For example, children’s toy firm LOL Surprise is selling trading cards in the real world with QR codes unlocking virtual experiences.  Conversely, food chain Chipotle Mexican Grill has launched a virtual restaurant online where players can practice making recipes to earn Burrito Bucks for spending at real world restaurants.[12]

Photo credit: © Chipotle

Indeed, we could conceive of the metaverse not so much as a separate world entirely, but as a convergence between our physical world and its digital equivalent, a ‘phygital’ sphere.

Forward-thinking companies should start considering today how well their offering translates into the virtual realm.  For big business and existing brands that means investing early, securing a presence on a platform before a nimbler operation takes the initiative.  Startups, meanwhile, can aim to be disruptors, exploiting their relative agility to upset the dominance of heritage brands and carving out niches in this expansive new marketplace.

Any foray into a brave new world comes laden with risks, and the metaverse is surely no exception.  So, what issues should give this latest wave of digital pioneers – and us as consumers – pause for thought?

Mitigating risk in the metaverse

Given social media’s questionable track record so far on policing truth, encouraging impartial debate, and increasing societal cohesion, many wonder how the metaverse can be protected from similar misuse.  Will it become just the latest playground for trolls, hackers, political operatives, and criminals?  Can we learn something from the pitfalls of the internet to limit harassment abuse, radicalization, and misinformation?

With few clear answers so far, these issues remain some way off being resolved.  However, they are at least being actively discussed within the community where there is broad agreement that data protection and security laws will need to evolve in tandem with the technology to ensure a healthy and functioning metaverse.

Data rules currently comprise a patchwork of international laws, such as the EU’s General Data Protection Regulation (GDPR), or Canada’s Personal Information Protection and Electronic Documents Act.  The USA lacks federal regulations governing many companies but relies instead on a potpourri of laws including the Fair Credit Reporting Act, the Family Educational Rights and Privacy Act and the Children’s Online Privacy Protection Act.  China operates under its own Personal Information Protection Law (PIPL).

Consumers will have to adopt a new wariness too, recognizing that swathes of once-hidden data (body language, vocal inflection, physiological responses, behavior patterns) will be readily available to advertisers and scammers alike.

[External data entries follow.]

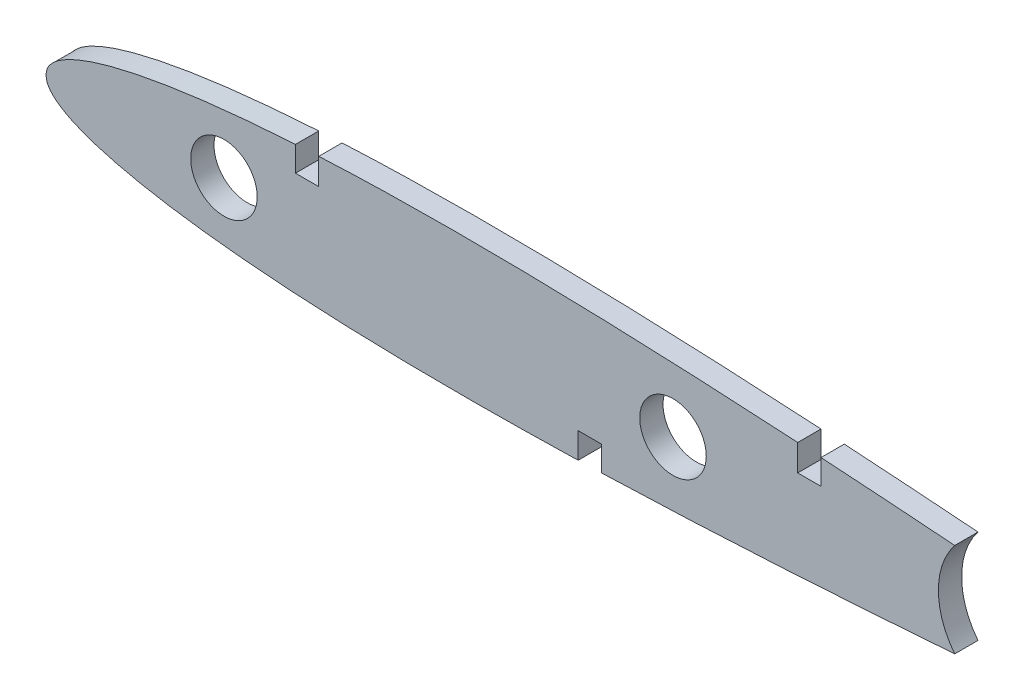
from build123d import *

# Parameters (mm, degrees)
SKETCH_1_R      = 4
EXTRUDE_1_DEPTH = 1.4


with BuildPart() as part:
    # Эскиз1 → Бобышка-Вытянуть1 (new, symmetric)
    with BuildSketch(Plane.XY):
        with BuildLine():
            ThreePointArc((142.879654521, -5.645889143), (140.91290042, 0), (142.879654521, 5.645889143))
            add(Edge.make_bspline(
                [(142.879654521, 5.645889143), (142.747268556, 5.655935735), (140.983089587, 5.789556497), (137.585492165, 6.040187447), (132.68922042, 6.382393711), (129.093359344, 6.61888416), (127.131231234, 6.742693318), (126.8, 6.763442063)],
                knots=[0.339950039, 0.339950039, 0.339950039, 0.339950039, 0.342309554, 0.371392651, 0.400495753, 0.429537687, 0.435435831, 0.435435831, 0.435435831, 0.435435831], degree=3))
            Line((126.8, 6.763442063), (126.8, 3.763442063))
            Line((126.8, 3.763442063), (124, 3.763442063))
            Line((124, 3.763442063), (124, 6.935165252))
            add(Edge.make_bspline(
                [(124, 6.935165252), (123.641212233, 6.956691636), (121.670677761, 7.073894152), (118.103435227, 7.275698401), (113.316671904, 7.521871639), (108.586398202, 7.738792494), (103.923211277, 7.924514665), (99.337253306, 8.077210344), (94.83828356, 8.195186848), (90.435677893, 8.276886408), (86.138497273, 8.320981466), (81.955490955, 8.326384834), (77.89513162, 8.292131727), (73.965623193, 8.217718888), (70.174939177, 8.10268745), (67.668791632, 7.99564794), (66.426868705, 7.933879191), (66.4, 7.93253874)],
                knots=[0.452054102, 0.452054102, 0.452054102, 0.452054102, 0.458441906, 0.487136114, 0.515551917, 0.543623847, 0.571289985, 0.59849081, 0.625169613, 0.651272029, 0.676746158, 0.701541791, 0.725611017, 0.748907835, 0.771387785, 0.793008139, 0.793486237, 0.793486237, 0.793486237, 0.793486237], degree=3))
            Line((66.4, 7.93253874), (66.4, 4.777447755))
            Line((66.4, 4.777447755), (63.6, 4.777447755))
            Line((63.6, 4.777447755), (63.6, 7.777447755))
            add(Edge.make_bspline(
                [(63.6, 7.777447755), (63.396162512, 7.764994786), (62.081509824, 7.682983398), (59.712211754, 7.515019975), (56.552200858, 7.239849215), (53.56772758, 6.926570619), (50.765590148, 6.57637304), (48.152410031, 6.190731972), (45.734630901, 5.771261543), (43.518525859, 5.319707647), (41.510178464, 4.837901503), (39.715362287, 4.3277629), (38.139724526, 3.791042715), (36.787821083, 3.229441513), (35.665157045, 2.644102252), (34.771002159, 2.034538769), (34.118995376, 1.396849457), (33.68372682, 0.718681816), (33.626994167, 0.231708516), (33.6, 0)],
                knots=[0.810098727, 0.810098727, 0.810098727, 0.810098727, 0.813728033, 0.833507815, 0.852309696, 0.87009731, 0.886835918, 0.902492782, 0.917037139, 0.930441054, 0.942679762, 0.953733567, 0.963589785, 0.972247019, 0.979722225, 0.986065145, 0.991385258, 0.995900989, 1, 1, 1, 1], degree=3))
            add(Edge.make_bspline(
                [(33.6, 0), (33.626994167, -0.231708516), (33.68372682, -0.718681816), (34.118995376, -1.396849457), (34.771002159, -2.034538769), (35.665157045, -2.644102252), (36.787821083, -3.229441513), (38.139724526, -3.791042715), (39.715362287, -4.3277629), (41.510178464, -4.837901503), (43.518525859, -5.319707647), (45.734630901, -5.771261543), (48.152410031, -6.190731972), (50.765590148, -6.57637304), (53.56772758, -6.926570619), (56.552200858, -7.239849215), (59.712211754, -7.515019975), (63.040803104, -7.750989271), (66.530820659, -7.947044314), (70.174939177, -8.10268745), (73.965623193, -8.217718888), (77.89513162, -8.292131727), (81.955490955, -8.326384834), (86.138497273, -8.320981466), (90.435677893, -8.276886408), (94.268903337, -8.20575289), (96.668631576, -8.146352686), (97.6, -8.121192528)],
                knots=[0, 0, 0, 0, 0.004099011, 0.008614742, 0.013934855, 0.020277775, 0.027752981, 0.036410215, 0.046266433, 0.057320238, 0.069558946, 0.082962861, 0.097507218, 0.113164082, 0.12990269, 0.147690304, 0.166492185, 0.186271967, 0.206991861, 0.228612215, 0.251092165, 0.274388983, 0.298458209, 0.323253842, 0.348727971, 0.374830387, 0.391388582, 0.391388582, 0.391388582, 0.391388582], degree=3))
            Line((97.6, -8.121192528), (97.6, -5.039340517))
            Line((97.6, -5.039340517), (100.4, -5.039340517))
            Line((100.4, -5.039340517), (100.4, -8.039340517))
            add(Edge.make_bspline(
                [(100.400000001, -8.039340517), (101.56572059, -8.002730044), (104.287183669, -7.910018625), (108.586398202, -7.738792494), (113.316671904, -7.521871639), (118.103435227, -7.275698401), (122.935626987, -7.002334081), (127.801626972, -6.703838046), (132.68922042, -6.382393711), (137.585492165, -6.040187447), (140.983089587, -5.789556497), (142.747268556, -5.655935735), (142.879654521, -5.645889143)],
                knots=[0.40798276, 0.40798276, 0.40798276, 0.40798276, 0.428710015, 0.456376153, 0.484448083, 0.512863886, 0.541558094, 0.570462313, 0.599504247, 0.628607349, 0.657690446, 0.660049961, 0.660049961, 0.660049961, 0.660049961], degree=3))
        make_face()
        with Locations((55, 0)):
            Circle(SKETCH_1_R, mode=Mode.SUBTRACT)
        with Locations((109, 0)):
            Circle(SKETCH_1_R, mode=Mode.SUBTRACT)
    extrude(amount=EXTRUDE_1_DEPTH, both=True)


solid = part.part
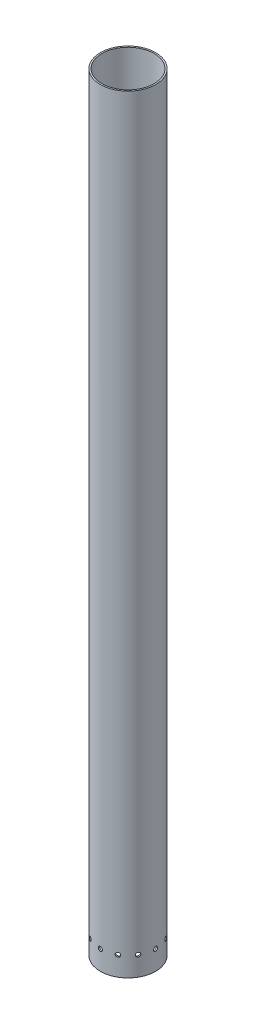
from build123d import *

# Parameters (mm, degrees)
SKETCH1_W         = 1.4732
SKETCH1_H         = 749.3
CIRPATTERN1_COUNT = 12


with BuildPart() as part:
    # Sketch1 → Revolve1 (revolve)
    with BuildSketch(Plane.XY, mode=Mode.PRIVATE) as revolve1_sk:
        with Locations((26.2509, -344.664188343)):
            Rectangle(SKETCH1_W, SKETCH1_H)
    revolve(revolve1_sk.sketch.rotate(Axis((0, 0, 0), (0, 1, 0)), 90), axis=Axis((0, 0, 0), (0, 1, 0)))

    # Sketch3 → #10-32 Tapped Hole1 (revolve, cut)
    with BuildSketch(Plane(origin=(0, -700.264188343, -26.9875), x_dir=(0, 1, 0), z_dir=(1, 0, 0))):
        Polygon((0, 0), (0, 15.183317848), (2.0193, 13.97), (2.0193, 0), align=None)
    f_10_32_tapped_hole1 = revolve(axis=Axis((0, -700.264188343, -33.3375), (0, 0, 1)), mode=Mode.SUBTRACT)

    # CirPattern1: #10-32 Tapped Hole1 ×12 about axis
    cirpattern1_axis = Axis((0, 0, 0), (0, -1, 0))
    for i in range(1, CIRPATTERN1_COUNT):
        add(f_10_32_tapped_hole1.rotate(cirpattern1_axis, i * 360 / CIRPATTERN1_COUNT), mode=Mode.SUBTRACT)


solid = part.part
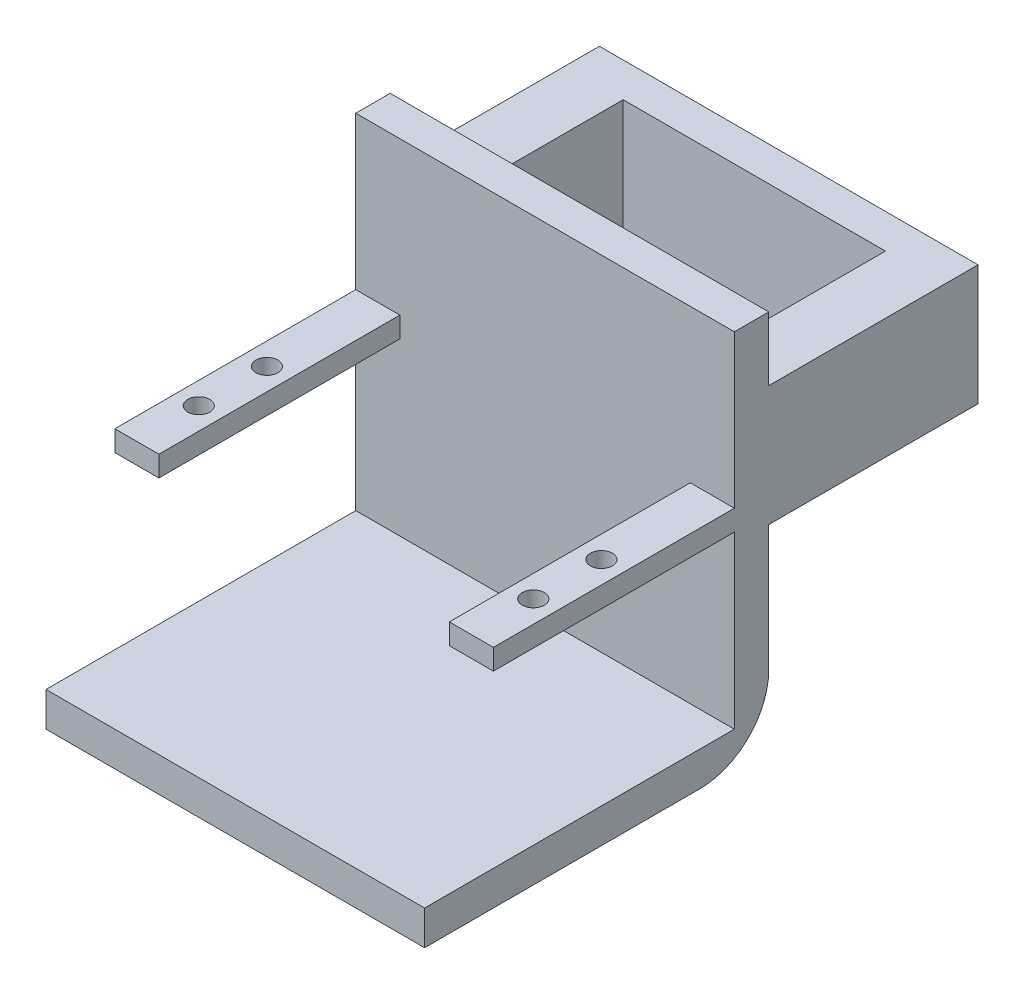
from build123d import *

# Parameters (mm, degrees)
SKETCH1_W           = 55
SKETCH1_H           = 55
BOSS_EXTRUDE1_DEPTH = 50
SKETCH2_W           = 55
SKETCH2_H           = 50
CUT_EXTRUDE1_DEPTH  = 45
FILLET2_R           = 10
SKETCH3_W           = 6.4
SKETCH3_H           = 3
BOSS_EXTRUDE2_DEPTH = 35
SKETCH4_R           = 1.6
CUT_EXTRUDE2_DEPTH  = 10
SKETCH5_W           = 8.45
SKETCH5_H           = 17.487110786
BOSS_EXTRUDE3_DEPTH = 25.4
SKETCH6_W           = 55
SKETCH6_H           = 17.487110786
BOSS_EXTRUDE4_DEPTH = 5


with BuildPart() as part:
    # Sketch1 → Boss-Extrude1 (new body)
    with BuildSketch(Plane.XY):
        with Locations((7.085987261, 0.398089172)):
            Rectangle(SKETCH1_W, SKETCH1_H)
    extrude(amount=BOSS_EXTRUDE1_DEPTH)

    # Sketch2 → Cut-Extrude1 (cut)
    with BuildSketch(Plane.XY.offset(50)):
        with Locations((7.085987261, 2.898089172)):
            Rectangle(SKETCH2_W, SKETCH2_H)
    extrude(amount=-CUT_EXTRUDE1_DEPTH, mode=Mode.SUBTRACT)

    # Fillet2
    fillet2_edges = [part.edges().sort_by_distance(p)[0] for p in [
        (7.085987261, -27.101910828, 0),
    ]]
    fillet(fillet2_edges, radius=FILLET2_R)

    # Sketch3 → Boss-Extrude2 (add)
    with BuildSketch(Plane.XY.offset(5)):
        with Locations((-17.214012739, 4.198089172)):
            Rectangle(SKETCH3_W, SKETCH3_H)
        with Locations((31.385987261, 4.198089172)):
            Rectangle(SKETCH3_W, SKETCH3_H)
    extrude(amount=BOSS_EXTRUDE2_DEPTH)

    # Sketch4 → Cut-Extrude2 (cut)
    with BuildSketch(Plane(origin=(0, 5.698089172, 0), x_dir=(1, 0, 0), z_dir=(0, 1, 0))):
        with Locations(Location((-17.214012739, -21.11, 0), (0, 0, 180))):
            Circle(SKETCH4_R)
        with Locations(Location((-17.214012739, -31.01, 0), (0, 0, 180))):
            Circle(SKETCH4_R)
        with Locations(Location((31.385987261, -31.01, 0), (0, 0, 180))):
            Circle(SKETCH4_R)
        with Locations(Location((31.385987261, -21.11, 0), (0, 0, 180))):
            Circle(SKETCH4_R)
    extrude(amount=-CUT_EXTRUDE2_DEPTH, mode=Mode.SUBTRACT)

    # Sketch5 → Boss-Extrude3 (add)
    with BuildSketch(Plane(origin=(0, 0, 0), x_dir=(-1, 0, 0), z_dir=(0, 0, -1))):
        with Locations((-30.360987261, 9.878461031)):
            Rectangle(SKETCH5_W, SKETCH5_H)
        with Locations((16.189012739, 9.878461031)):
            Rectangle(SKETCH5_W, SKETCH5_H)
    extrude(amount=BOSS_EXTRUDE3_DEPTH)

    # Sketch6 → Boss-Extrude4 (add)
    with BuildSketch(Plane(origin=(0, 0, -25.4), x_dir=(-1, 0, 0), z_dir=(0, 0, -1))):
        with Locations((-7.085987261, 9.878461031)):
            Rectangle(SKETCH6_W, SKETCH6_H)
    extrude(amount=BOSS_EXTRUDE4_DEPTH)


solid = part.part
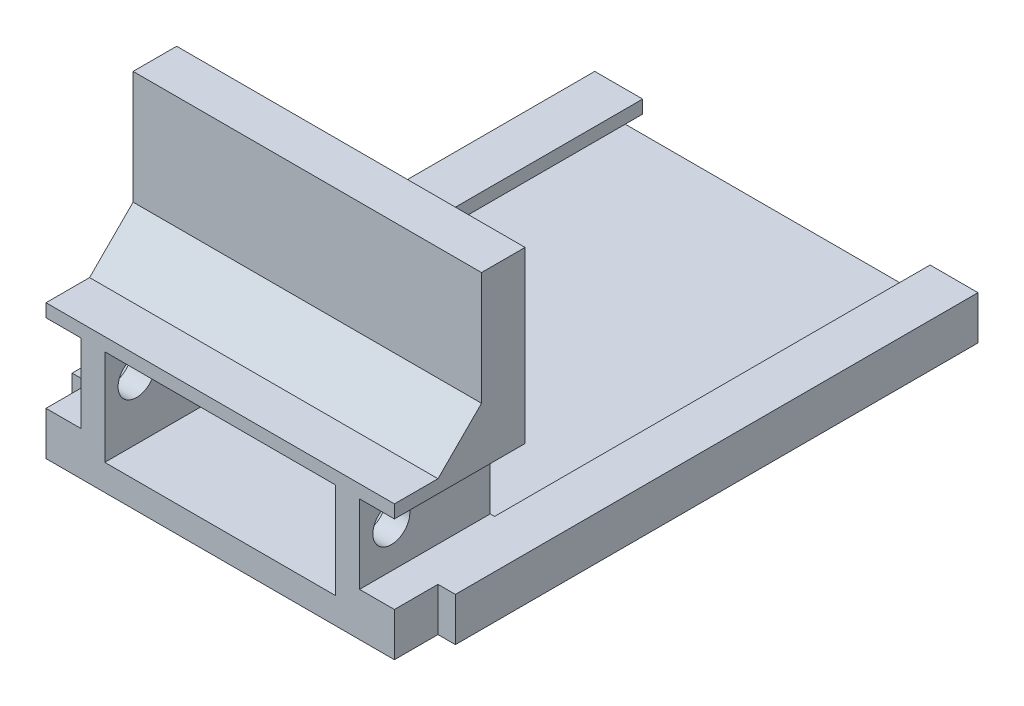
from build123d import *

# Parameters (mm, degrees)
BOSS_EXTRUDE1_DEPTH = 100
BOSS_EXTRUDE2_DEPTH = 20
SKETCH4_W           = 80
SKETCH4_H           = 31
BOSS_EXTRUDE3_DEPTH = 10
SKETCH4_2_W         = 80
SKETCH4_2_H         = 31
BOSS_EXTRUDE4_DEPTH = 20
SKETCH5_W           = 53
SKETCH5_H           = 22
SKETCH5_W_2         = 8
SKETCH5_H_2         = 18
CUT_EXTRUDE1_DEPTH  = 30
SKETCH6_W           = 10
SKETCH6_H           = 36
CUT_EXTRUDE2_DEPTH  = 80
SKETCH7_R           = 4.25
CUT_EXTRUDE3_DEPTH  = 162.012421881
CHAMFER1_SIZE       = 10


with BuildPart() as part:
    # Sketch1 → Boss-Extrude1 (new body)
    with BuildSketch(Plane.XY):
        Polygon((11, 0), (0, 0), (0, -10), (88, -10), (88, 0), (77, 0), (77, -3), (85, -3), (85, -7), (3, -7), (3, -3), (11, -3), align=None)
    extrude(amount=BOSS_EXTRUDE1_DEPTH)

    # Sketch2 → Boss-Extrude2 (add)
    with BuildSketch(Plane.XY.offset(100)):
        Polygon((77, 0), (11, 0), (11, -3), (3, -3), (3, -7), (85, -7), (85, -3), (77, -3), align=None)
        Polygon((4, 57), (4, 0), (11, 0), (77, 0), (84, 0), (84, 57), align=None)
        Polygon((0, 0), (0, -10), (88, -10), (88, 0), (84, 0), (77, 0), (77, -3), (85, -3), (85, -7), (3, -7), (3, -3), (11, -3), (11, 0), (4, 0), align=None)
    extrude(amount=BOSS_EXTRUDE2_DEPTH)

    # Sketch4 → Boss-Extrude3 (add)
    with BuildSketch(Plane.XY.offset(120)):
        with Locations((44, 5.5)):
            Rectangle(SKETCH4_W, SKETCH4_H)
    extrude(amount=BOSS_EXTRUDE3_DEPTH)

    # Sketch4<2> → Boss-Extrude4 (add)
    with BuildSketch(Plane.XY.offset(120)):
        with Locations((44, 5.5)):
            Rectangle(SKETCH4_2_W, SKETCH4_2_H)
    extrude(amount=-BOSS_EXTRUDE4_DEPTH)

    # Sketch5 → Cut-Extrude1 (cut)
    with BuildSketch(Plane.XY.offset(130)):
        with Locations((44, 7)):
            Rectangle(SKETCH5_W, SKETCH5_H)
        with Locations((8, 9)):
            Rectangle(SKETCH5_W_2, SKETCH5_H_2)
        with Locations((80, 9)):
            Rectangle(SKETCH5_W_2, SKETCH5_H_2)
    extrude(amount=-CUT_EXTRUDE1_DEPTH, mode=Mode.SUBTRACT)

    # Sketch6 → Cut-Extrude2 (cut)
    with BuildSketch(Plane.ZY.offset(-4)):
        with Locations((115, 39)):
            Rectangle(SKETCH6_W, SKETCH6_H)
    extrude(amount=-CUT_EXTRUDE2_DEPTH, mode=Mode.SUBTRACT)

    # Sketch7 → Cut-Extrude3 (cut, through all)
    with BuildSketch(Plane(origin=(76, 0, 0), x_dir=(0, 0, -1), z_dir=(1, 0, 0))):
        with Locations(Location((-122.7, 9.5, 0), (0, 0, 90))):
            Circle(SKETCH7_R)
    extrude(amount=-CUT_EXTRUDE3_DEPTH, mode=Mode.SUBTRACT)

    # Chamfer1
    chamfer1_edges = [part.edges().sort_by_distance(p)[0] for p in [
        (44, 21, 110),
    ]]
    chamfer(chamfer1_edges, length=CHAMFER1_SIZE)


solid = part.part
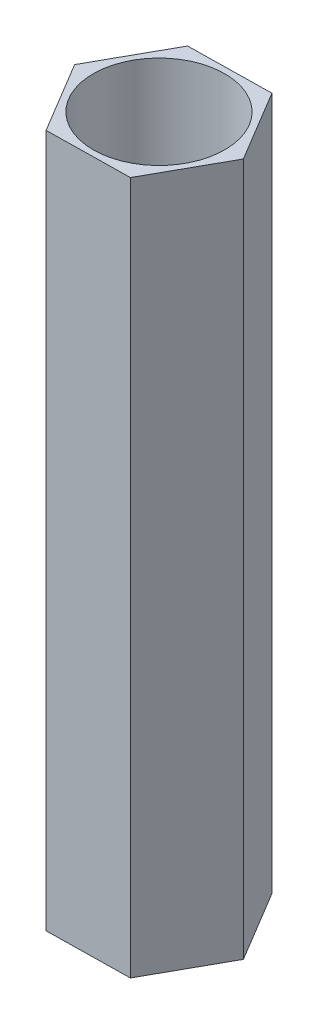
from build123d import *

# Parameters (mm, degrees)
BOSS_EXTRUDE1_DEPTH = 20
SKETCH2_R           = 1.9
CUT_EXTRUDE1_DEPTH  = 7.5
CUT_EXTRUDE2_START  = -7.5
SKETCH3_R           = 1.9
CUT_EXTRUDE2_DEPTH  = 7.5


with BuildPart() as part:
    # Sketch1 → Boss-Extrude1 (new body)
    with BuildSketch(Plane(origin=(0, 0, 0), x_dir=(1, 0, 0), z_dir=(0, 1, 0))):
        Polygon((1.231025405, -2.055580158), (2.395697339, 0.038309195), (1.164671934, 2.093889353), (-1.231025405, 2.055580158), (-2.395697339, -0.038309195), (-1.164671934, -2.093889353), align=None)
    extrude(amount=BOSS_EXTRUDE1_DEPTH)

    # Sketch2 → Cut-Extrude1 (cut)
    with BuildSketch(Plane(origin=(0, 20, 0), x_dir=(1, 0, 0), z_dir=(0, 1, 0))):
        with Locations(Location((0, 0, 0), (0, 0, 270))):
            Circle(SKETCH2_R)
    extrude(amount=-CUT_EXTRUDE1_DEPTH, mode=Mode.SUBTRACT)

    # Sketch3 → Cut-Extrude2 (cut)
    with BuildSketch(Plane.XZ.offset(CUT_EXTRUDE2_START)):
        with Locations(Location((0, 0, 0), (0, 0, 90))):
            Circle(SKETCH3_R)
    extrude(amount=CUT_EXTRUDE2_DEPTH, mode=Mode.SUBTRACT)


solid = part.part

Canada is worth monitoring as an interesting test case.  Last year the country’s Privacy Commissioner concluded that an American AI firm had violated privacy rights by collecting billions of headshots from the internet to use as part of its facial recognition software.[13]  The biometric database was intended to assist law enforcement, but the Canadian commissioner argued this amounted to surveillance and mass identification of private individuals – a finding which highlights the delicacy of weighing business needs against people’s right to privacy.

Without greater international harmonization of rules, how can we begin to solve the even deeper conundrums to come:  Who will ‘own’ the metaverse?  Will one central body control access to its data and distribution?  Or will the simple act of participation empower countless entities, public and private, to harvest and trade data for often competing means?

These are not new issues for society and come up whenever humankind enters a new virgin territory, or adopts transformational technologies.  For example who would control, the oceans?  The Antarctic and Arctic, the moon, space itself?  And of course, today’s internet.  Then there are the discussions around ethics and governance in medicine, surgery, and artificial intelligence.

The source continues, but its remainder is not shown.